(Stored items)
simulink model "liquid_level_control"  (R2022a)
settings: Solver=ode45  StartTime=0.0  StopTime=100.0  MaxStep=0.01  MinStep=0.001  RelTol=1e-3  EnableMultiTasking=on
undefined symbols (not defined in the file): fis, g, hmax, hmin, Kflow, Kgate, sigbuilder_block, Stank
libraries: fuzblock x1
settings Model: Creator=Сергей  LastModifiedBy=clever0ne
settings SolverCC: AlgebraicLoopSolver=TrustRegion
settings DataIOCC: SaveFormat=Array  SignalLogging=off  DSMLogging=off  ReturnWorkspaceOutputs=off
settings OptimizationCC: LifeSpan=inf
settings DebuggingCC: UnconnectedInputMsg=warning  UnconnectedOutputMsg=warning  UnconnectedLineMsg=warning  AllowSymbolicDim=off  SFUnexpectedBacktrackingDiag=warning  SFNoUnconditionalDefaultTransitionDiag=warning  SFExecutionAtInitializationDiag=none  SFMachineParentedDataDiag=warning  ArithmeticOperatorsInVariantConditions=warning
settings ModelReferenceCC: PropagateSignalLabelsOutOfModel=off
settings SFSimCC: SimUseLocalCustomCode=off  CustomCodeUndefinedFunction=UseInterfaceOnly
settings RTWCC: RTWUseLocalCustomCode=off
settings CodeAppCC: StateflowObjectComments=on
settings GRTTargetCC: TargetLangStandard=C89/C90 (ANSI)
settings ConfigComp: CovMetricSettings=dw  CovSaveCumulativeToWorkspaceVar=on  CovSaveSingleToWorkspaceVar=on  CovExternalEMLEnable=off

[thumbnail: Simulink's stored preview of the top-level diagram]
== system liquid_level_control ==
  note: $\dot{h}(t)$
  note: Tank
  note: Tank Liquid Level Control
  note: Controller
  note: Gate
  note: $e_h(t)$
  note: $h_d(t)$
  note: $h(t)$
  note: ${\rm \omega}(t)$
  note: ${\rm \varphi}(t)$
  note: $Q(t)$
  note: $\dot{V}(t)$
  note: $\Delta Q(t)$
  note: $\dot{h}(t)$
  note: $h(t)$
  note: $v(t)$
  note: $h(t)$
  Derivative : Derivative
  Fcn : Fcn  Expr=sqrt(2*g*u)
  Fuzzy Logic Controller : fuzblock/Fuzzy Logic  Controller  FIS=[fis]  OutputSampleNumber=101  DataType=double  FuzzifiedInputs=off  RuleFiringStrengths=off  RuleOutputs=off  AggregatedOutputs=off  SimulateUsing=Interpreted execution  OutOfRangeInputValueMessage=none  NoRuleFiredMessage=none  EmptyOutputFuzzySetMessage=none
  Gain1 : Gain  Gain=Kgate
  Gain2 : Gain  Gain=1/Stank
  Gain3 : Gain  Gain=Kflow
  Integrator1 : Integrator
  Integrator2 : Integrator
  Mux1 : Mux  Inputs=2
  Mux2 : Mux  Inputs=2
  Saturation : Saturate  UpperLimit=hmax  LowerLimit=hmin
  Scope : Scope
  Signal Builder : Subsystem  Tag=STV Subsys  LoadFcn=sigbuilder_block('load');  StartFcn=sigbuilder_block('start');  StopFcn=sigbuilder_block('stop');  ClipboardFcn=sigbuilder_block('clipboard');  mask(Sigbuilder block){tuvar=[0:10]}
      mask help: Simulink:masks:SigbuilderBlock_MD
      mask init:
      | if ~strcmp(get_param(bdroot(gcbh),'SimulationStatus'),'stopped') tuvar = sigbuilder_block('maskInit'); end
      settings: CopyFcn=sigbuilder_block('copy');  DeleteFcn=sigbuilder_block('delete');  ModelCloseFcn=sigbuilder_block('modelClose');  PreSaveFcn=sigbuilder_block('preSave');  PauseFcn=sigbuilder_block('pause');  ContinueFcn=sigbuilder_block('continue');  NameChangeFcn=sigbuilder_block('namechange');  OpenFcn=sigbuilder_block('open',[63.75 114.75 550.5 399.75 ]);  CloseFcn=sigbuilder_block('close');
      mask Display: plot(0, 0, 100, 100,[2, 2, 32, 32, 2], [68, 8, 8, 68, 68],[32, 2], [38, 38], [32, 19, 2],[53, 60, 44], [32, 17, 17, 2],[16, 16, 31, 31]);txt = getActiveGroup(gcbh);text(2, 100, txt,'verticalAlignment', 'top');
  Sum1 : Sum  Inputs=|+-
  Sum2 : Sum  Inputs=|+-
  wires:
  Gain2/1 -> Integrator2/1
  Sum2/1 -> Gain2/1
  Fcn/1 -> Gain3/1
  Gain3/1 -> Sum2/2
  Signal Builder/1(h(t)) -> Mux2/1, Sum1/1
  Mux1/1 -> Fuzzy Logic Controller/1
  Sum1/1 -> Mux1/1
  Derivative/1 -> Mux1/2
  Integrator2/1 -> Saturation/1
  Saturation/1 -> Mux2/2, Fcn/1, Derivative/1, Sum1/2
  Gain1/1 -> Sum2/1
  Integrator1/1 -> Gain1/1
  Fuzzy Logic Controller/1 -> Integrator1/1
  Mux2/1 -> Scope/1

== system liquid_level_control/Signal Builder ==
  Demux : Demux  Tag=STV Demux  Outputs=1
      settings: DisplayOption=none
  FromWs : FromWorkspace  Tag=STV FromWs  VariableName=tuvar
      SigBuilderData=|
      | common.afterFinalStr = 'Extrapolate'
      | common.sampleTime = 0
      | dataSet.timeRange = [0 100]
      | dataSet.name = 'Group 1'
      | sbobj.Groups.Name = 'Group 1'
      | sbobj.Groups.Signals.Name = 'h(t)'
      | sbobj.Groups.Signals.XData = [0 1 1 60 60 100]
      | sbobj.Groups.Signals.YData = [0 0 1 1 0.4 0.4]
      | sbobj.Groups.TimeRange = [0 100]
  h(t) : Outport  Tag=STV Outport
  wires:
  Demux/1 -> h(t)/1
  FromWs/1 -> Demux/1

_Task_
Search the entries above for the word "Fuzzy" and count the lines that hold it. Reply with only that number.

_Result for this exercise_
3